**Work task**. In the data that follows, find the line with "floor ground (EU_floor_Construction): 16.71,20.3"; transcribe it, every later line up to the one with "18.84,15.32 16.71,20.3 z0:3", and that line as well, exactly and with no others.

Collected data
====
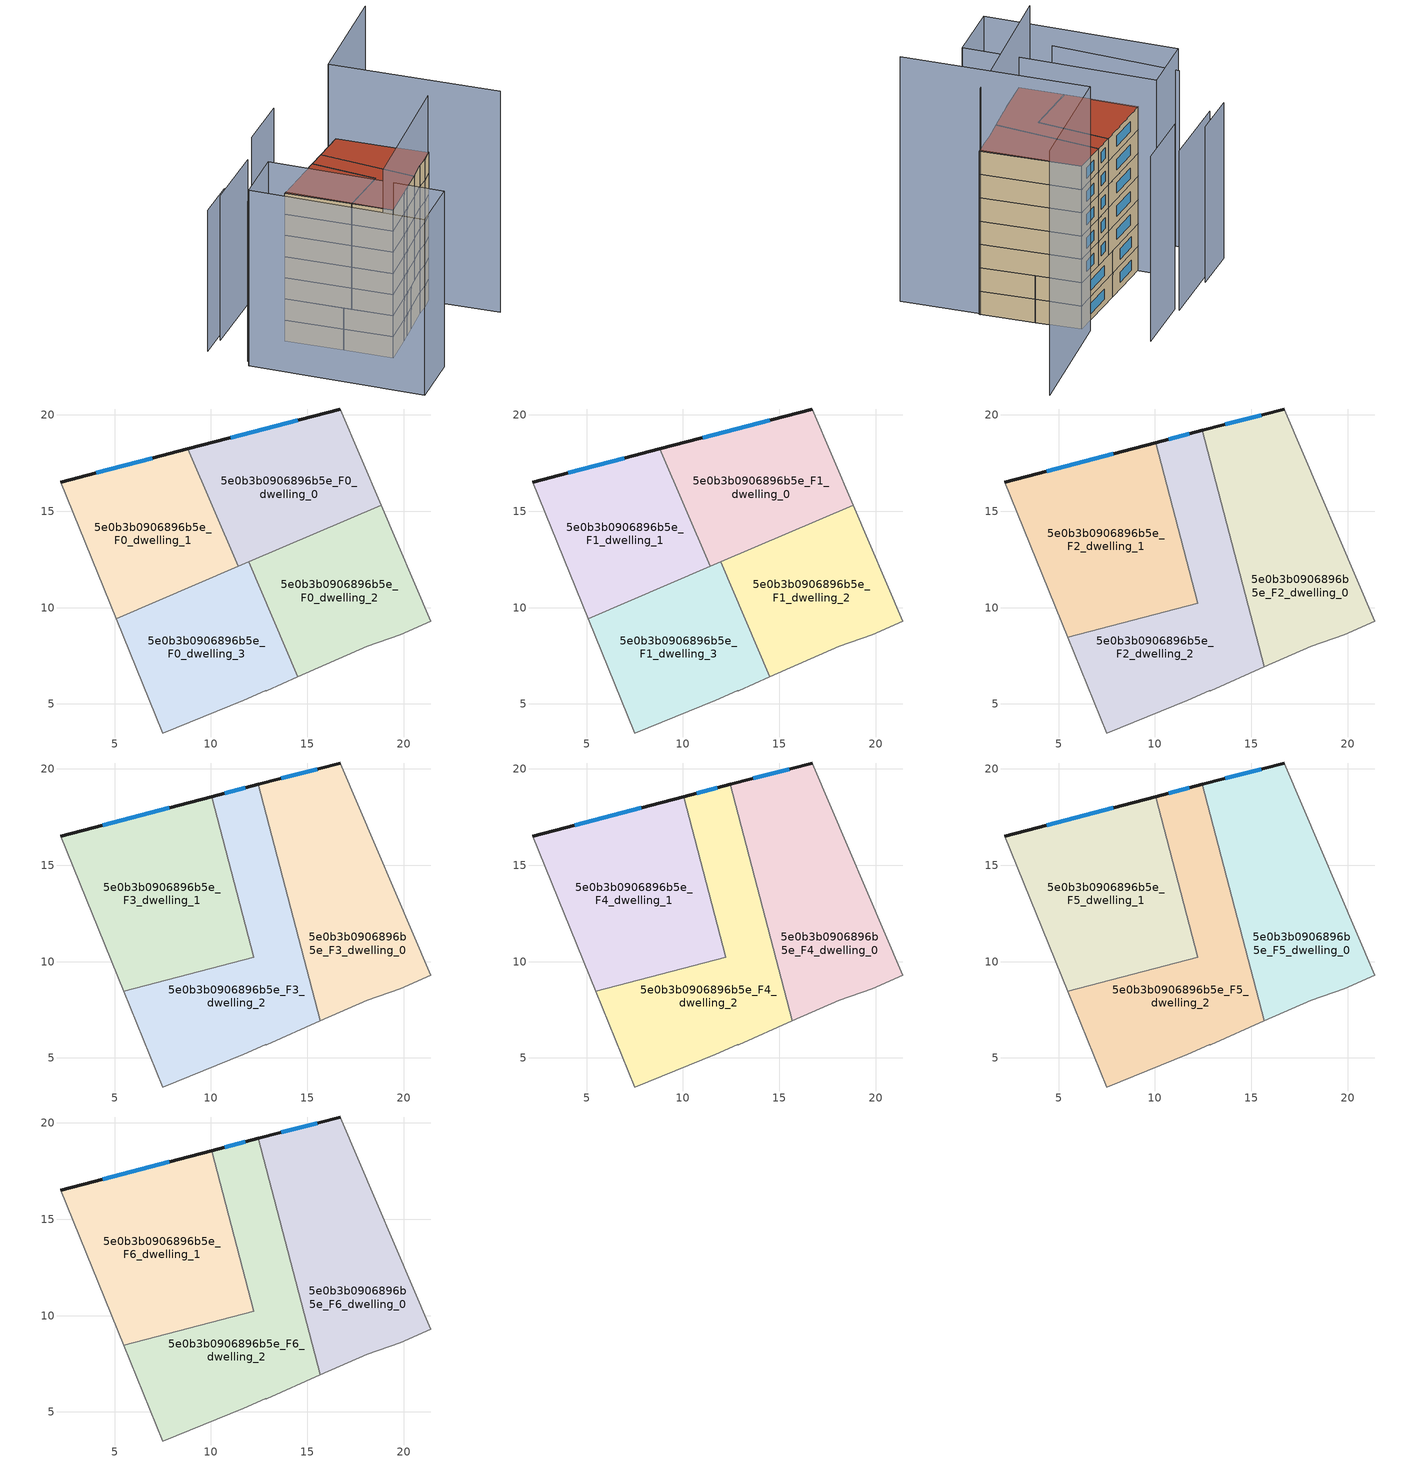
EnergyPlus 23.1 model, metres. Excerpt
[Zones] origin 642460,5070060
5e0b3b0906896b5e_F0_dwelling_0
 floor ground (EU_floor_Construction): 16.71,20.3 18.84,15.32 11.41,12.14 8.81,18.24 z0
 wall outside (EU_wall_Construction): 16.71,20.3 8.81,18.24 z0:3
 wall adiabatic (EU_wall_Construction): 18.84,15.32 16.71,20.3 z0:3
 wall to 5e0b3b0906896b5e_F0_dwelling_1 (EU_wall_Construction): 8.81,18.24 11.41,12.14 z0:3
 wall to 5e0b3b0906896b5e_F0_dwelling_2 (EU_wall_Construction): 11.95,12.37 18.84,15.32 z0:3
 wall to 5e0b3b0906896b5e_F0_dwelling_3 (EU_wall_Construction): 11.41,12.14 11.95,12.37 z0:3
 window (EU_Window_Construction): 14.5,19.72 11.02,18.81 z0.84:2.16
5e0b3b0906896b5e_F0_dwelling_1
 floor ground (EU_floor_Construction): 8.81,18.24 11.41,12.14 5.08,9.43 2.2,16.51 z0
 wall outside (EU_wall_Construction): 8.81,18.24 2.2,16.51 z0:3
 wall adiabatic (EU_wall_Construction): 2.2,16.51 5.08,9.43 z0:3
 wall to 5e0b3b0906896b5e_F0_dwelling_3 (EU_wall_Construction): 5.08,9.43 11.41,12.14 z0:3
 window (EU_Window_Construction): 6.95,17.75 4.05,16.99 z0.84:2.16
5e0b3b0906896b5e_F0_dwelling_2
 floor ground (EU_floor_Construction): 18.84,15.32 21.41,9.29 19.81,8.6 18.11,8 14.5,6.4 11.95,12.37 z0
 wall to 5e0b3b0906896b5e_F0_dwelling_3 (EU_wall_Construction): 11.95,12.37 14.5,6.4 z0:3
 wall adiabatic (EU_wall_Construction): 14.5,6.4 18.11,8 19.81,8.6 21.41,9.29 18.84,15.32 z0:3
5e0b3b0906896b5e_F0_dwelling_3
 floor ground (EU_floor_Construction): 11.95,12.37 14.5,6.4 12.9,5.7 12.8,5.7 11.7,5.2 7.5,3.5 5.08,9.43 z0
 wall adiabatic (EU_wall_Construction): 5.08,9.43 7.5,3.5 11.7,5.2 12.8,5.7 12.9,5.7 14.5,6.4 z0:3
5e0b3b0906896b5e_F1_dwelling_0
 floor to 5e0b3b0906896b5e_F0_dwelling_0 (EU_floor_Construction): 16.71,20.3 18.84,15.32 11.41,12.14 8.81,18.24 z3
 wall outside (EU_wall_Construction): 16.71,20.3 8.81,18.24 z3:6
 wall adiabatic (EU_wall_Construction): 18.84,15.32 16.71,20.3 z3:6
 wall to 5e0b3b0906896b5e_F1_dwelling_1 (EU_wall_Construction): 8.81,18.24 11.41,12.14 z3:6
 wall to 5e0b3b0906896b5e_F1_dwelling_2 (EU_wall_Construction): 11.95,12.37 18.84,15.32 z3:6
 wall to 5e0b3b0906896b5e_F1_dwelling_3 (EU_wall_Construction): 11.41,12.14 11.95,12.37 z3:6
 window (EU_Window_Construction): 14.5,19.72 11.02,18.81 z3.84:5.16
 ceiling adiabatic (EU_roof_Construction): 14.02,13.25 12.46,19.19 8.81,18.24 11.41,12.14 z6
5e0b3b0906896b5e_F1_dwelling_1
 floor to 5e0b3b0906896b5e_F0_dwelling_1 (EU_floor_Construction): 8.81,18.24 11.41,12.14 5.08,9.43 2.2,16.51 z3
 wall outside (EU_wall_Construction): 8.81,18.24 2.2,16.51 z3:6
 wall adiabatic (EU_wall_Construction): 2.2,16.51 5.08,9.43 z3:6
 wall to 5e0b3b0906896b5e_F1_dwelling_3 (EU_wall_Construction): 5.08,9.43 11.41,12.14 z3:6
 window (EU_Window_Construction): 6.95,17.75 4.05,16.99 z3.84:5.16
 ceiling adiabatic (EU_roof_Construction): 11.41,12.14 8.81,18.24 2.2,16.51 5.08,9.43 z6
5e0b3b0906896b5e_F1_dwelling_2
 floor to 5e0b3b0906896b5e_F0_dwelling_2 (EU_floor_Construction): 18.84,15.32 21.41,9.29 19.81,8.6 18.11,8 14.5,6.4 11.95,12.37 z3
 wall to 5e0b3b0906896b5e_F1_dwelling_3 (EU_wall_Construction): 11.95,12.37 14.5,6.4 z3:6
 wall adiabatic (EU_wall_Construction): 14.5,6.4 18.11,8 19.81,8.6 21.41,9.29 18.84,15.32 z3:6
5e0b3b0906896b5e_F1_dwelling_3
 floor to 5e0b3b0906896b5e_F0_dwelling_3 (EU_floor_Construction): 11.95,12.37 14.5,6.4 12.9,5.7 12.8,5.7 11.7,5.2 7.5,3.5 5.08,9.43 z3
 wall adiabatic (EU_wall_Construction): 5.08,9.43 7.5,3.5 11.7,5.2 12.8,5.7 12.9,5.7 14.5,6.4 z3:6
 ceiling adiabatic (EU_roof_Construction): 12.22,10.22 11.69,12.26 5.08,9.43 5.48,8.46 z6
5e0b3b0906896b5e_F2_dwelling_0
 floor to 5e0b3b0906896b5e_F1_dwelling_2 (EU_floor_Construction): 18.84,15.32 21.41,9.29 19.81,8.6 18.11,8 15.68,6.92 14.02,13.25 z6
 floor to 5e0b3b0906896b5e_F1_dwelling_0 (EU_floor_Construction): 16.71,20.3 18.84,15.32 14.02,13.25 12.46,19.19 z6
 wall outside (EU_wall_Construction): 16.71,20.3 12.46,19.19 z6:9
 wall to 5e0b3b0906896b5e_F2_dwelling_2 (EU_wall_Construction): 12.46,19.19 15.68,6.92 z6:9
 wall adiabatic (EU_wall_Construction): 15.68,6.92 18.11,8 19.81,8.6 21.41,9.29 16.71,20.3 z6:9
 window (EU_Window_Construction): 15.52,19.99 13.65,19.5 z6.84:8.16
5e0b3b0906896b5e_F2_dwelling_1
 floor adiabatic (EU_floor_Construction): 10.04,18.56 12.22,10.22 5.48,8.46 2.2,16.51 z6
 wall outside (EU_wall_Construction): 10.04,18.56 2.2,16.51 z6:9
 wall to 5e0b3b0906896b5e_F2_dwelling_2 (EU_wall_Construction): 5.48,8.46 12.22,10.22 10.04,18.56 z6:9
 wall adiabatic (EU_wall_Construction): 2.2,16.51 5.48,8.46 z6:9
 window (EU_Window_Construction): 7.84,17.98 4.4,17.08 z6.84:8.16
5e0b3b0906896b5e_F2_dwelling_2
 floor to 5e0b3b0906896b5e_F1_dwelling_3 (EU_floor_Construction): 11.95,12.37 14.5,6.4 12.9,5.7 12.8,5.7 11.7,5.2 7.5,3.5 5.48,8.46 12.22,10.22 11.69,12.26 z6
 floor to 5e0b3b0906896b5e_F1_dwelling_2 (EU_floor_Construction): 14.02,13.25 15.68,6.92 14.5,6.4 11.95,12.37 z6
 floor adiabatic (EU_floor_Construction): 12.46,19.19 14.02,13.25 11.69,12.26 10.04,18.56 z6
 wall outside (EU_wall_Construction): 12.46,19.19 10.04,18.56 z6:9
 wall adiabatic (EU_wall_Construction): 5.48,8.46 7.5,3.5 11.7,5.2 12.8,5.7 12.9,5.7 15.68,6.92 z6:9
 window (EU_Window_Construction): 11.78,19.02 10.72,18.74 z6.84:8.16
5e0b3b0906896b5e_F3_dwelling_0
 floor to 5e0b3b0906896b5e_F2_dwelling_0 (EU_floor_Construction): 16.71,20.3 21.41,9.29 19.81,8.6 18.11,8 15.68,6.92 12.46,19.19 z9
 wall outside (EU_wall_Construction): 16.71,20.3 12.46,19.19 z9:12
 wall to 5e0b3b0906896b5e_F3_dwelling_2 (EU_wall_Construction): 12.46,19.19 15.68,6.92 z9:12
 wall adiabatic (EU_wall_Construction): 15.68,6.92 18.11,8 19.81,8.6 21.41,9.29 16.71,20.3 z9:12
 window (EU_Window_Construction): 15.52,19.99 13.65,19.5 z9.84:11.16
5e0b3b0906896b5e_F3_dwelling_1
 floor to 5e0b3b0906896b5e_F2_dwelling_1 (EU_floor_Construction): 10.04,18.56 12.22,10.22 5.48,8.46 2.2,16.51 z9
 wall outside (EU_wall_Construction): 10.04,18.56 2.2,16.51 z9:12
 wall to 5e0b3b0906896b5e_F3_dwelling_2 (EU_wall_Construction): 5.48,8.46 12.22,10.22 10.04,18.56 z9:12
 wall adiabatic (EU_wall_Construction): 2.2,16.51 5.48,8.46 z9:12
 window (EU_Window_Construction): 7.84,17.98 4.4,17.08 z9.84:11.16
5e0b3b0906896b5e_F3_dwelling_2
 floor to 5e0b3b0906896b5e_F2_dwelling_2 (EU_floor_Construction): 12.46,19.19 15.68,6.92 12.9,5.7 12.8,5.7 11.7,5.2 7.5,3.5 5.48,8.46 12.22,10.22 10.04,18.56 z9
 wall outside (EU_wall_Construction): 12.46,19.19 10.04,18.56 z9:12
 wall adiabatic (EU_wall_Construction): 5.48,8.46 7.5,3.5 11.7,5.2 12.8,5.7 12.9,5.7 15.68,6.92 z9:12
 window (EU_Window_Construction): 11.78,19.02 10.72,18.74 z9.84:11.16
5e0b3b0906896b5e_F4_dwelling_0
 floor to 5e0b3b0906896b5e_F3_dwelling_0 (EU_floor_Construction): 16.71,20.3 21.41,9.29 19.81,8.6 18.11,8 15.68,6.92 12.46,19.19 z12
 wall outside (EU_wall_Construction): 16.71,20.3 12.46,19.19 z12:15
 wall to 5e0b3b0906896b5e_F4_dwelling_2 (EU_wall_Construction): 12.46,19.19 15.68,6.92 z12:15
 wall adiabatic (EU_wall_Construction): 15.68,6.92 18.11,8 19.81,8.6 21.41,9.29 16.71,20.3 z12:15
 window (EU_Window_Construction): 15.52,19.99 13.65,19.5 z12.84:14.16
5e0b3b0906896b5e_F4_dwelling_1
 floor to 5e0b3b0906896b5e_F3_dwelling_1 (EU_floor_Construction): 10.04,18.56 12.22,10.22 5.48,8.46 2.2,16.51 z12
 wall outside (EU_wall_Construction): 10.04,18.56 2.2,16.51 z12:15
 wall to 5e0b3b0906896b5e_F4_dwelling_2 (EU_wall_Construction): 5.48,8.46 12.22,10.22 10.04,18.56 z12:15
 wall adiabatic (EU_wall_Construction): 2.2,16.51 5.48,8.46 z12:15
 window (EU_Window_Construction): 7.84,17.98 4.4,17.08 z12.84:14.16
5e0b3b0906896b5e_F4_dwelling_2
 floor to 5e0b3b0906896b5e_F3_dwelling_2 (EU_floor_Construction): 12.46,19.19 15.68,6.92 12.9,5.7 12.8,5.7 11.7,5.2 7.5,3.5 5.48,8.46 12.22,10.22 10.04,18.56 z12
 wall outside (EU_wall_Construction): 12.46,19.19 10.04,18.56 z12:15
 wall adiabatic (EU_wall_Construction): 5.48,8.46 7.5,3.5 11.7,5.2 12.8,5.7 12.9,5.7 15.68,6.92 z12:15
 window (EU_Window_Construction): 11.78,19.02 10.72,18.74 z12.84:14.16
5e0b3b0906896b5e_F5_dwelling_0
 floor to 5e0b3b0906896b5e_F4_dwelling_0 (EU_floor_Construction): 16.71,20.3 21.41,9.29 19.81,8.6 18.11,8 15.68,6.92 12.46,19.19 z15
 wall outside (EU_wall_Construction): 16.71,20.3 12.46,19.19 z15:18
 wall to 5e0b3b0906896b5e_F5_dwelling_2 (EU_wall_Construction): 12.46,19.19 15.68,6.92 z15:18
 wall adiabatic (EU_wall_Construction): 15.68,6.92 18.11,8 19.81,8.6 21.41,9.29 16.71,20.3 z15:18
 window (EU_Window_Construction): 15.52,19.99 13.65,19.5 z15.84:17.16
5e0b3b0906896b5e_F5_dwelling_1
 floor to 5e0b3b0906896b5e_F4_dwelling_1 (EU_floor_Construction): 10.04,18.56 12.22,10.22 5.48,8.46 2.2,16.51 z15
 wall outside (EU_wall_Construction): 10.04,18.56 2.2,16.51 z15:18
 wall to 5e0b3b0906896b5e_F5_dwelling_2 (EU_wall_Construction): 5.48,8.46 12.22,10.22 10.04,18.56 z15:18
 wall adiabatic (EU_wall_Construction): 2.2,16.51 5.48,8.46 z15:18
 window (EU_Window_Construction): 7.84,17.98 4.4,17.08 z15.84:17.16
5e0b3b0906896b5e_F5_dwelling_2
 floor to 5e0b3b0906896b5e_F4_dwelling_2 (EU_floor_Construction): 12.46,19.19 15.68,6.92 12.9,5.7 12.8,5.7 11.7,5.2 7.5,3.5 5.48,8.46 12.22,10.22 10.04,18.56 z15
 wall outside (EU_wall_Construction): 12.46,19.19 10.04,18.56 z15:18
 wall adiabatic (EU_wall_Construction): 5.48,8.46 7.5,3.5 11.7,5.2 12.8,5.7 12.9,5.7 15.68,6.92 z15:18
 window (EU_Window_Construction): 11.78,19.02 10.72,18.74 z15.84:17.16
5e0b3b0906896b5e_F6_dwelling_0
 floor to 5e0b3b0906896b5e_F5_dwelling_0 (EU_floor_Construction): 16.71,20.3 21.41,9.29 19.81,8.6 18.11,8 15.68,6.92 12.46,19.19 z18
 wall outside (EU_wall_Construction): 16.71,20.3 12.46,19.19 z18:21
 wall to 5e0b3b0906896b5e_F6_dwelling_2 (EU_wall_Construction): 12.46,19.19 15.68,6.92 z18:21
 wall adiabatic (EU_wall_Construction): 15.68,6.92 18.11,8 19.81,8.6 21.41,9.29 16.71,20.3 z18:21
 window (EU_Window_Construction): 15.52,19.99 13.65,19.5 z18.84:20.16
 roof outside (EU_roof_Construction): 19.81,8.6 21.41,9.29 16.71,20.3 12.46,19.19 15.68,6.92 18.11,8 z21
5e0b3b0906896b5e_F6_dwelling_1
 floor to 5e0b3b0906896b5e_F5_dwelling_1 (EU_floor_Construction): 10.04,18.56 12.22,10.22 5.48,8.46 2.2,16.51 z18
 wall outside (EU_wall_Construction): 10.04,18.56 2.2,16.51 z18:21
 wall to 5e0b3b0906896b5e_F6_dwelling_2 (EU_wall_Construction): 5.48,8.46 12.22,10.22 10.04,18.56 z18:21
 wall adiabatic (EU_wall_Construction): 2.2,16.51 5.48,8.46 z18:21
 window (EU_Window_Construction): 7.84,17.98 4.4,17.08 z18.84:20.16
 roof outside (EU_roof_Construction): 12.22,10.22 10.04,18.56 2.2,16.51 5.48,8.46 z21
5e0b3b0906896b5e_F6_dwelling_2
 floor to 5e0b3b0906896b5e_F5_dwelling_2 (EU_floor_Construction): 12.46,19.19 15.68,6.92 12.9,5.7 12.8,5.7 11.7,5.2 7.5,3.5 5.48,8.46 12.22,10.22 10.04,18.56 z18
 wall outside (EU_wall_Construction): 12.46,19.19 10.04,18.56 z18:21
 wall adiabatic (EU_wall_Construction): 5.48,8.46 7.5,3.5 11.7,5.2 12.8,5.7 12.9,5.7 15.68,6.92 z18:21
 window (EU_Window_Construction): 11.78,19.02 10.72,18.74 z18.84:20.16
 roof outside (EU_roof_Construction): 15.68,6.92 12.46,19.19 10.04,18.56 12.22,10.22 5.48,8.46 7.5,3.5 11.7,5.2 12.8,5.7 12.9,5.7 z21
shading: 0.76,2.45 2.79,-5.11 z0:17.7; 24.71,0.59 16.31,21.21 / 16.31,21.21 30.43,26.96 z0:31.4; 3.53,1.78 21.37,9.39 z0:29.1; 2.9,-5.39 -5.31,16.01 / -5.31,16.01 1.69,18.69 / 1.69,18.69 9.9,-2.71 / 9.9,-2.71 2.9,-5.39 z0:24.9; -4.59,16.81 0.19,2.3 z0:22.7; -0.3,24.11 -5.81,22.2 z0:20; 6.41,25.91 -2.65,22.8 z0:20.5; 13.83,27.89 6.58,25.4 z0:23.8
[Building]
EU S2 Campaign: North Axis=0; Terrain=City; Solar Distribution=FullExterior
[Site:Location]
Lyon-Bron: Latitude=45.75; Longitude=5; Time Zone=1; Elevation=198
[SizingPeriod:WeatherFileDays]
AnnualSizingPeriod: Begin Month=1; Begin Day of Month=1; End Month=12; End Day of Month=31; Day of Week for Start Day=Monday; Use Weather File Daylight Saving Period=No; Use Weather File Rain and Snow Indicators=No
[MATERIAL]
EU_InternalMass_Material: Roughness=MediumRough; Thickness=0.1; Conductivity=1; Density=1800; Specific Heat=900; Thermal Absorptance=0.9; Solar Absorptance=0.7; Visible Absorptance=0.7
====
**Exercise response**.
 floor ground (EU_floor_Construction): 16.71,20.3 18.84,15.32 11.41,12.14 8.81,18.24 z0
 wall outside (EU_wall_Construction): 16.71,20.3 8.81,18.24 z0:3
 wall adiabatic (EU_wall_Construction): 18.84,15.32 16.71,20.3 z0:3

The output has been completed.